UNREAL REALITY in our dreams is consistent with Motor-mouth theory with DMT as the hallucinogen - Saccades play a role
Identifiers (Article)
Abstract
In our dreams, during REM-state-sleep (RSS), we hallucinate a reality of being out and about. I call this the Prime Hallucination (Prime-H). This essay contends that we do this using DMT (N,N-Dimethyltryptamine), a well-known hallucinogen with the common name, “Ayahuasca”. DMT is endogenous to humans and other creatures, such as rats. It can be made by our retinas. In an earlier essay (Arenson, 2022) the Motor-mouth theory was proposed to account for RSS. It is contended that RSS was adapted by our brainstem and added to Non-REM Sleep (NREM) some 200 million years ago to add a motor maintenance function for ancestral chordates, which were then beginning to flourish and which depended on motor activity for their survival when awake. Dreams were not needed until words appeared, perhaps some 2 million years ago. Then, in order to provide motor maintenance for the articulation of words or meaningful calls, dreams were adapted into the RSS system. This, most common type of dream, is described by its name, “holophrastic linguistic dreams” (HLD-type). Words with a consistent phonology were so useful, every Homo species since then taught each generation of offspring to use them, and all needed a motor maintenance mechanism to align articulation among the members of each group, and so the HLD-type dream persisted. Assessing articulation in dreams takes advantage of the augmentations of reality that occurs because of the hallucinogen. Remarkably, the dreamer is usually blind to the augmented reality.
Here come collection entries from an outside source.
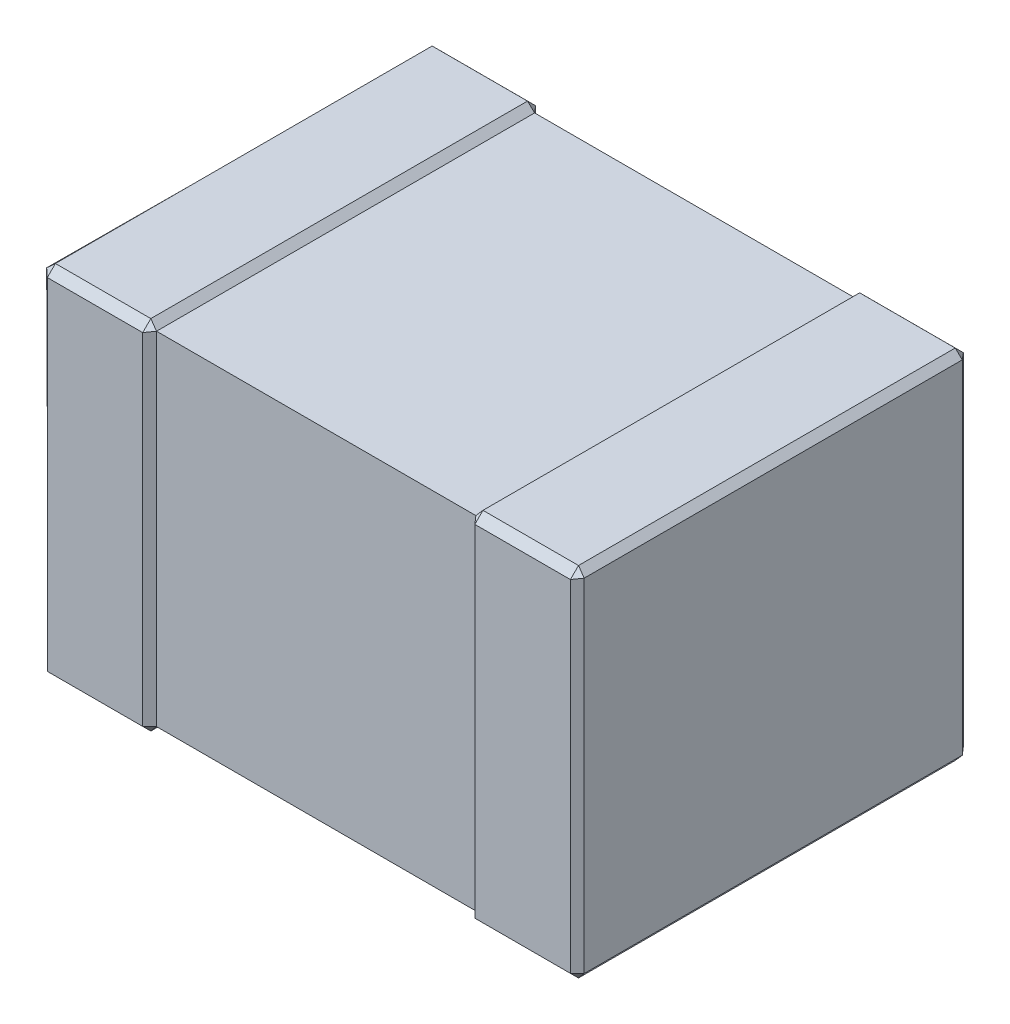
ISO-10303-21;
HEADER;
FILE_DESCRIPTION(('STEP AP214'),'2;1');
FILE_NAME('part.step','',(''),(''),'','','');
FILE_SCHEMA(('AUTOMOTIVE_DESIGN { 1 0 10303 214 1 1 1 1 }'));
ENDSEC;
DATA;
#1=APPLICATION_CONTEXT('core data for automotive mechanical design processes');
#2=APPLICATION_PROTOCOL_DEFINITION('international standard','automotive_design',2000,#1);
#3=PRODUCT_CONTEXT('',#1,'mechanical');
#4=PRODUCT('Part','Part','',(#3));
#5=PRODUCT_RELATED_PRODUCT_CATEGORY('part','',(#4));
#6=PRODUCT_DEFINITION_FORMATION('','',#4);
#7=PRODUCT_DEFINITION_CONTEXT('part definition',#1,'design');
#8=PRODUCT_DEFINITION('design','',#6,#7);
#9=PRODUCT_DEFINITION_SHAPE('','',#8);
#10=(LENGTH_UNIT() NAMED_UNIT(*) SI_UNIT(.MILLI.,.METRE.));
#11=(NAMED_UNIT(*) PLANE_ANGLE_UNIT() SI_UNIT($,.RADIAN.));
#12=(NAMED_UNIT(*) SI_UNIT($,.STERADIAN.) SOLID_ANGLE_UNIT());
#13=UNCERTAINTY_MEASURE_WITH_UNIT(LENGTH_MEASURE(1.E-05),#10,'distance_accuracy_value','');
#14=(GEOMETRIC_REPRESENTATION_CONTEXT(3) GLOBAL_UNCERTAINTY_ASSIGNED_CONTEXT((#13)) GLOBAL_UNIT_ASSIGNED_CONTEXT((#10,
#11,#12)) REPRESENTATION_CONTEXT('',''));
#15=CARTESIAN_POINT('',(0.,0.,0.));
#16=DIRECTION('',(0.,0.,1.));
#17=DIRECTION('',(1.,0.,0.));
#18=AXIS2_PLACEMENT_3D('',#15,#16,#17);
#19=CARTESIAN_POINT('',(1.912500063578,1.210036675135,2.786660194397));
#20=DIRECTION('',(-1.,0.,0.));
#21=DIRECTION('',(0.,0.,1.));
#22=AXIS2_PLACEMENT_3D('',#19,#20,#21);
#23=PLANE('',#22);
#24=CARTESIAN_POINT('',(1.912500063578,-1.210036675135,0.112191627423));
#25=DIRECTION('',(0.,1.,0.));
#26=VECTOR('',#25,1.);
#27=LINE('',#24,#26);
#28=CARTESIAN_POINT('',(1.91250006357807,-1.22210232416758,0.10006981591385));
#29=VERTEX_POINT('',#28);
#30=CARTESIAN_POINT('',(1.9125000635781,1.22210232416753,0.100069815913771));
#31=VERTEX_POINT('',#30);
#32=EDGE_CURVE('E205',#29,#31,#27,.T.);
#33=ORIENTED_EDGE('',*,*,#32,.T.);
#34=CARTESIAN_POINT('',(1.91250006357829,1.23416797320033,2.81090386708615));
#35=DIRECTION('',(0.,0.,-1.));
#36=VECTOR('',#35,1.);
#37=LINE('',#34,#36);
#38=CARTESIAN_POINT('',(1.91250006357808,1.22210232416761,2.79878203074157));
#39=VERTEX_POINT('',#38);
#40=EDGE_CURVE('E213',#39,#31,#37,.T.);
#41=ORIENTED_EDGE('',*,*,#40,.F.);
#42=CARTESIAN_POINT('',(1.912500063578,-1.2341679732,2.810903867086));
#43=DIRECTION('',(0.,1.,0.));
#44=VECTOR('',#43,1.);
#45=LINE('',#42,#44);
#46=CARTESIAN_POINT('',(1.91250006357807,-1.2221023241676,2.79878203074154));
#47=VERTEX_POINT('',#46);
#48=EDGE_CURVE('E218',#47,#39,#45,.T.);
#49=ORIENTED_EDGE('',*,*,#48,.F.);
#50=CARTESIAN_POINT('',(1.912500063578,-1.210036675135,2.786660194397));
#51=DIRECTION('',(0.,0.,-1.));
#52=VECTOR('',#51,1.);
#53=LINE('',#50,#52);
#54=EDGE_CURVE('E182',#47,#29,#53,.T.);
#55=ORIENTED_EDGE('',*,*,#54,.T.);
#56=EDGE_LOOP('',(#33,#41,#49,#55));
#57=FACE_BOUND('',#56,.T.);
#58=ADVANCED_FACE('F17',(#57),#23,.F.);
#59=CARTESIAN_POINT('',(1.878444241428,-1.264640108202,1.46938790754));
#60=DIRECTION('',(0.666808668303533,-0.745228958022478,0.));
#61=DIRECTION('',(0.745228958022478,0.666808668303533,0.));
#62=AXIS2_PLACEMENT_3D('',#59,#60,#61);
#63=PLANE('',#62);
#64=DIRECTION('',(0.,0.,1.));
#65=VECTOR('',#64,1.);
#66=CARTESIAN_POINT('',(1.86686595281,-1.275000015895,0.104939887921));
#67=LINE('',#66,#65);
#68=CARTESIAN_POINT('',(1.86686595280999,-1.27500001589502,2.79391193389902));
#69=VERTEX_POINT('',#68);
#70=CARTESIAN_POINT('',(1.86686595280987,-1.27500001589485,0.104939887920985));
#71=VERTEX_POINT('',#70);
#72=EDGE_CURVE('E186',#69,#71,#67,.F.);
#73=ORIENTED_EDGE('',*,*,#72,.T.);
#74=DIRECTION('',(-0.718095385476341,-0.642530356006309,0.267383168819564));
#75=VECTOR('',#74,1.);
#76=CARTESIAN_POINT('',(1.91250006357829,-1.23416797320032,0.0879480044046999));
#77=LINE('',#76,#75);
#78=EDGE_CURVE('E177',#29,#71,#77,.T.);
#79=ORIENTED_EDGE('',*,*,#78,.F.);
#80=ORIENTED_EDGE('',*,*,#54,.F.);
#81=DIRECTION('',(-0.718095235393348,-0.642530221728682,-0.267383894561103));
#82=VECTOR('',#81,1.);
#83=CARTESIAN_POINT('',(1.91250006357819,-1.23416797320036,2.81090386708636));
#84=LINE('',#83,#82);
#85=EDGE_CURVE('E212',#47,#69,#84,.T.);
#86=ORIENTED_EDGE('',*,*,#85,.T.);
#87=EDGE_LOOP('',(#73,#79,#80,#86));
#88=FACE_BOUND('',#87,.T.);
#89=ADVANCED_FACE('F179',(#88),#63,.T.);
#90=CARTESIAN_POINT('',(1.912500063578,1.2341679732,2.810903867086));
#91=DIRECTION('',(-0.668525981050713,0.,-0.743688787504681));
#92=DIRECTION('',(-0.743688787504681,0.,0.668525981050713));
#93=AXIS2_PLACEMENT_3D('',#90,#91,#92);
#94=PLANE('',#93);
#95=DIRECTION('',(0.,1.,0.));
#96=VECTOR('',#95,1.);
#97=CARTESIAN_POINT('',(1.86686595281,1.217254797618,2.851925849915));
#98=LINE('',#97,#96);
#99=CARTESIAN_POINT('',(1.86686595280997,1.21725479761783,2.85192584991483));
#100=VERTEX_POINT('',#99);
#101=CARTESIAN_POINT('',(1.86686595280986,-1.21725479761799,2.85192584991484));
#102=VERTEX_POINT('',#101);
#103=EDGE_CURVE('E559',#100,#102,#98,.F.);
#104=ORIENTED_EDGE('',*,*,#103,.T.);
#105=DIRECTION('',(0.716953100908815,-0.265721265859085,-0.644492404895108));
#106=VECTOR('',#105,1.);
#107=CARTESIAN_POINT('',(1.86686595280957,-1.217254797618,2.85192584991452));
#108=LINE('',#107,#106);
#109=EDGE_CURVE('E191',#102,#47,#108,.T.);
#110=ORIENTED_EDGE('',*,*,#109,.T.);
#111=ORIENTED_EDGE('',*,*,#48,.T.);
#112=DIRECTION('',(-0.716953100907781,-0.26572126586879,0.644492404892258));
#113=VECTOR('',#112,1.);
#114=CARTESIAN_POINT('',(1.91250006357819,1.23416797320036,2.81090386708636));
#115=LINE('',#114,#113);
#116=EDGE_CURVE('E542',#39,#100,#115,.T.);
#117=ORIENTED_EDGE('',*,*,#116,.T.);
#118=EDGE_LOOP('',(#104,#110,#111,#117));
#119=FACE_BOUND('',#118,.T.);
#120=ADVANCED_FACE('F239',(#119),#94,.F.);
#121=CARTESIAN_POINT('',(1.880749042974,-1.242482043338,2.819270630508));
#122=DIRECTION('',(-0.348232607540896,0.664384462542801,-0.661307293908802));
#123=DIRECTION('',(0.,0.705463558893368,0.708746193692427));
#124=AXIS2_PLACEMENT_3D('',#121,#122,#123);
#125=PLANE('',#124);
#126=DIRECTION('',(0.,-0.705463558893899,-0.708746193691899));
#127=VECTOR('',#126,1.);
#128=CARTESIAN_POINT('',(1.86686595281,-1.232554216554,2.836555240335));
#129=LINE('',#128,#127);
#130=EDGE_CURVE('E568',#69,#102,#129,.F.);
#131=ORIENTED_EDGE('',*,*,#130,.F.);
#132=ORIENTED_EDGE('',*,*,#85,.F.);
#133=ORIENTED_EDGE('',*,*,#109,.F.);
#134=EDGE_LOOP('',(#131,#132,#133));
#135=FACE_BOUND('',#134,.T.);
#136=ADVANCED_FACE('F243',(#135),#125,.F.);
#137=CARTESIAN_POINT('',(1.912500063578,1.2341679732,0.0879480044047));
#138=DIRECTION('',(-0.348233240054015,-0.664384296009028,0.661307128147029));
#139=DIRECTION('',(0.,-0.705463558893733,-0.708746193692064));
#140=AXIS2_PLACEMENT_3D('',#137,#138,#139);
#141=PLANE('',#140);
#142=DIRECTION('',(0.,-0.705463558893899,-0.708746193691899));
#143=VECTOR('',#142,1.);
#144=CARTESIAN_POINT('',(1.86686595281,1.275000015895,0.104939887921));
#145=LINE('',#144,#143);
#146=CARTESIAN_POINT('',(1.86686595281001,1.217254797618,0.0469259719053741));
#147=VERTEX_POINT('',#146);
#148=CARTESIAN_POINT('',(1.86686595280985,1.27500001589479,0.10493988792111));
#149=VERTEX_POINT('',#148);
#150=EDGE_CURVE('E573',#147,#149,#145,.F.);
#151=ORIENTED_EDGE('',*,*,#150,.T.);
#152=DIRECTION('',(-0.718095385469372,0.642530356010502,0.267383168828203));
#153=VECTOR('',#152,1.);
#154=CARTESIAN_POINT('',(1.912500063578,1.2341679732,0.0879480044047));
#155=LINE('',#154,#153);
#156=EDGE_CURVE('E538',#31,#149,#155,.T.);
#157=ORIENTED_EDGE('',*,*,#156,.F.);
#158=DIRECTION('',(0.716952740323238,0.265721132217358,0.644492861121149));
#159=VECTOR('',#158,1.);
#160=CARTESIAN_POINT('',(1.86686595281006,1.217254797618,0.046925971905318));
#161=LINE('',#160,#159);
#162=EDGE_CURVE('E200',#147,#31,#161,.T.);
#163=ORIENTED_EDGE('',*,*,#162,.F.);
#164=EDGE_LOOP('',(#151,#157,#163));
#165=FACE_BOUND('',#164,.T.);
#166=ADVANCED_FACE('F270',(#165),#141,.F.);
#167=CARTESIAN_POINT('',(1.878444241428,1.264640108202,1.46938790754));
#168=DIRECTION('',(-0.666808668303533,-0.745228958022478,0.));
#169=DIRECTION('',(0.745228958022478,-0.666808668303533,0.));
#170=AXIS2_PLACEMENT_3D('',#167,#168,#169);
#171=PLANE('',#170);
#172=DIRECTION('',(0.,0.,-1.));
#173=VECTOR('',#172,1.);
#174=CARTESIAN_POINT('',(1.86686595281,1.275000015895,0.104939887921));
#175=LINE('',#174,#173);
#176=CARTESIAN_POINT('',(1.86686595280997,1.27500001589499,2.79391193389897));
#177=VERTEX_POINT('',#176);
#178=EDGE_CURVE('E580',#149,#177,#175,.F.);
#179=ORIENTED_EDGE('',*,*,#178,.T.);
#180=DIRECTION('',(0.718095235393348,-0.642530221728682,0.267383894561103));
#181=VECTOR('',#180,1.);
#182=CARTESIAN_POINT('',(1.86686595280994,1.27500001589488,2.79391193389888));
#183=LINE('',#182,#181);
#184=EDGE_CURVE('E201',#177,#39,#183,.T.);
#185=ORIENTED_EDGE('',*,*,#184,.T.);
#186=ORIENTED_EDGE('',*,*,#40,.T.);
#187=ORIENTED_EDGE('',*,*,#156,.T.);
#188=EDGE_LOOP('',(#179,#185,#186,#187));
#189=FACE_BOUND('',#188,.T.);
#190=ADVANCED_FACE('F260',(#189),#171,.F.);
#191=CARTESIAN_POINT('',(1.880749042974,1.242482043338,2.819270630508));
#192=DIRECTION('',(-0.348232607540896,-0.664384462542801,-0.661307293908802));
#193=DIRECTION('',(0.,0.705463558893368,-0.708746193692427));
#194=AXIS2_PLACEMENT_3D('',#191,#192,#193);
#195=PLANE('',#194);
#196=DIRECTION('',(0.,0.705463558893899,-0.708746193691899));
#197=VECTOR('',#196,1.);
#198=CARTESIAN_POINT('',(1.86686595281,1.275000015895,2.793911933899));
#199=LINE('',#198,#197);
#200=EDGE_CURVE('E583',#177,#100,#199,.F.);
#201=ORIENTED_EDGE('',*,*,#200,.T.);
#202=ORIENTED_EDGE('',*,*,#116,.F.);
#203=ORIENTED_EDGE('',*,*,#184,.F.);
#204=EDGE_LOOP('',(#201,#202,#203));
#205=FACE_BOUND('',#204,.T.);
#206=ADVANCED_FACE('F269',(#205),#195,.F.);
#207=CARTESIAN_POINT('',(1.912500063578,-1.2341679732,0.0879480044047));
#208=DIRECTION('',(-0.348233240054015,0.664384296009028,0.661307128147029));
#209=DIRECTION('',(0.,-0.705463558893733,0.708746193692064));
#210=AXIS2_PLACEMENT_3D('',#207,#208,#209);
#211=PLANE('',#210);
#212=DIRECTION('',(0.,0.705463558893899,-0.708746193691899));
#213=VECTOR('',#212,1.);
#214=CARTESIAN_POINT('',(1.86686595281,-1.232554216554,0.0622965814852));
#215=LINE('',#214,#213);
#216=CARTESIAN_POINT('',(1.86686595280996,-1.2172547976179,0.0469259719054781));
#217=VERTEX_POINT('',#216);
#218=EDGE_CURVE('E196',#217,#71,#215,.F.);
#219=ORIENTED_EDGE('',*,*,#218,.F.);
#220=DIRECTION('',(-0.716952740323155,0.265721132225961,-0.644492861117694));
#221=VECTOR('',#220,1.);
#222=CARTESIAN_POINT('',(1.912500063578,-1.2341679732,0.0879480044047));
#223=LINE('',#222,#221);
#224=EDGE_CURVE('E193',#29,#217,#223,.T.);
#225=ORIENTED_EDGE('',*,*,#224,.F.);
#226=ORIENTED_EDGE('',*,*,#78,.T.);
#227=EDGE_LOOP('',(#219,#225,#226));
#228=FACE_BOUND('',#227,.T.);
#229=ADVANCED_FACE('F195',(#228),#211,.F.);
#230=CARTESIAN_POINT('',(1.878461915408,0.01994885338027,0.05734997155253));
#231=DIRECTION('',(0.66852642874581,0.,-0.743688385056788));
#232=DIRECTION('',(-0.743688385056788,0.,-0.66852642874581));
#233=AXIS2_PLACEMENT_3D('',#230,#231,#232);
#234=PLANE('',#233);
#235=DIRECTION('',(0.,1.,0.));
#236=VECTOR('',#235,1.);
#237=CARTESIAN_POINT('',(1.86686595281,-1.217254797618,0.04692597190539));
#238=LINE('',#237,#236);
#239=EDGE_CURVE('E602',#217,#147,#238,.T.);
#240=ORIENTED_EDGE('',*,*,#239,.T.);
#241=ORIENTED_EDGE('',*,*,#162,.T.);
#242=ORIENTED_EDGE('',*,*,#32,.F.);
#243=ORIENTED_EDGE('',*,*,#224,.T.);
#244=EDGE_LOOP('',(#240,#241,#242,#243));
#245=FACE_BOUND('',#244,.T.);
#246=ADVANCED_FACE('F207',(#245),#234,.T.);
#247=CARTESIAN_POINT('',(1.184772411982,1.275000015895,2.793911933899));
#248=DIRECTION('',(0.,-0.708746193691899,-0.705463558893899));
#249=DIRECTION('',(0.,0.705463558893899,-0.708746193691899));
#250=AXIS2_PLACEMENT_3D('',#247,#248,#249);
#251=PLANE('',#250);
#252=DIRECTION('',(1.,0.,0.));
#253=VECTOR('',#252,1.);
#254=CARTESIAN_POINT('',(1.184772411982,1.2172547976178,2.8519258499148));
#255=LINE('',#254,#253);
#256=CARTESIAN_POINT('',(1.18477241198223,1.21725479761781,2.85192584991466));
#257=VERTEX_POINT('',#256);
#258=EDGE_CURVE('E592',#100,#257,#255,.F.);
#259=ORIENTED_EDGE('',*,*,#258,.F.);
#260=ORIENTED_EDGE('',*,*,#200,.F.);
#261=DIRECTION('',(1.,0.,0.));
#262=VECTOR('',#261,1.);
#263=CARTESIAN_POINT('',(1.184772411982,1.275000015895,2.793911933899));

Bizarreness during the dream experience is usually accepted as reality in dream sleep. Moreover, saccades, the eye movement of REMs by their generic name, may be triggers to onset RSS. Saccades come up frequently in the present essay. Others have observed that we hallucinate being out and about in our dreams and consider it normal while we dream, but few have considered this in depth, as is attempted here. Research on the biology of endogenous DMT in rats and humans is discussed. That the augmentation of reality by DMT convinces us, while in the dream, of an unreal reality, calls into question the central assumption of certain dream theories, particularly Content Analysis, which claims that the narrative report of a dream is in continuity with the dreamer’s reality while awake in un-augmented reality. This continuity claim seems unlikely because waking reality is obviously different than dreaming reality, due to DMT.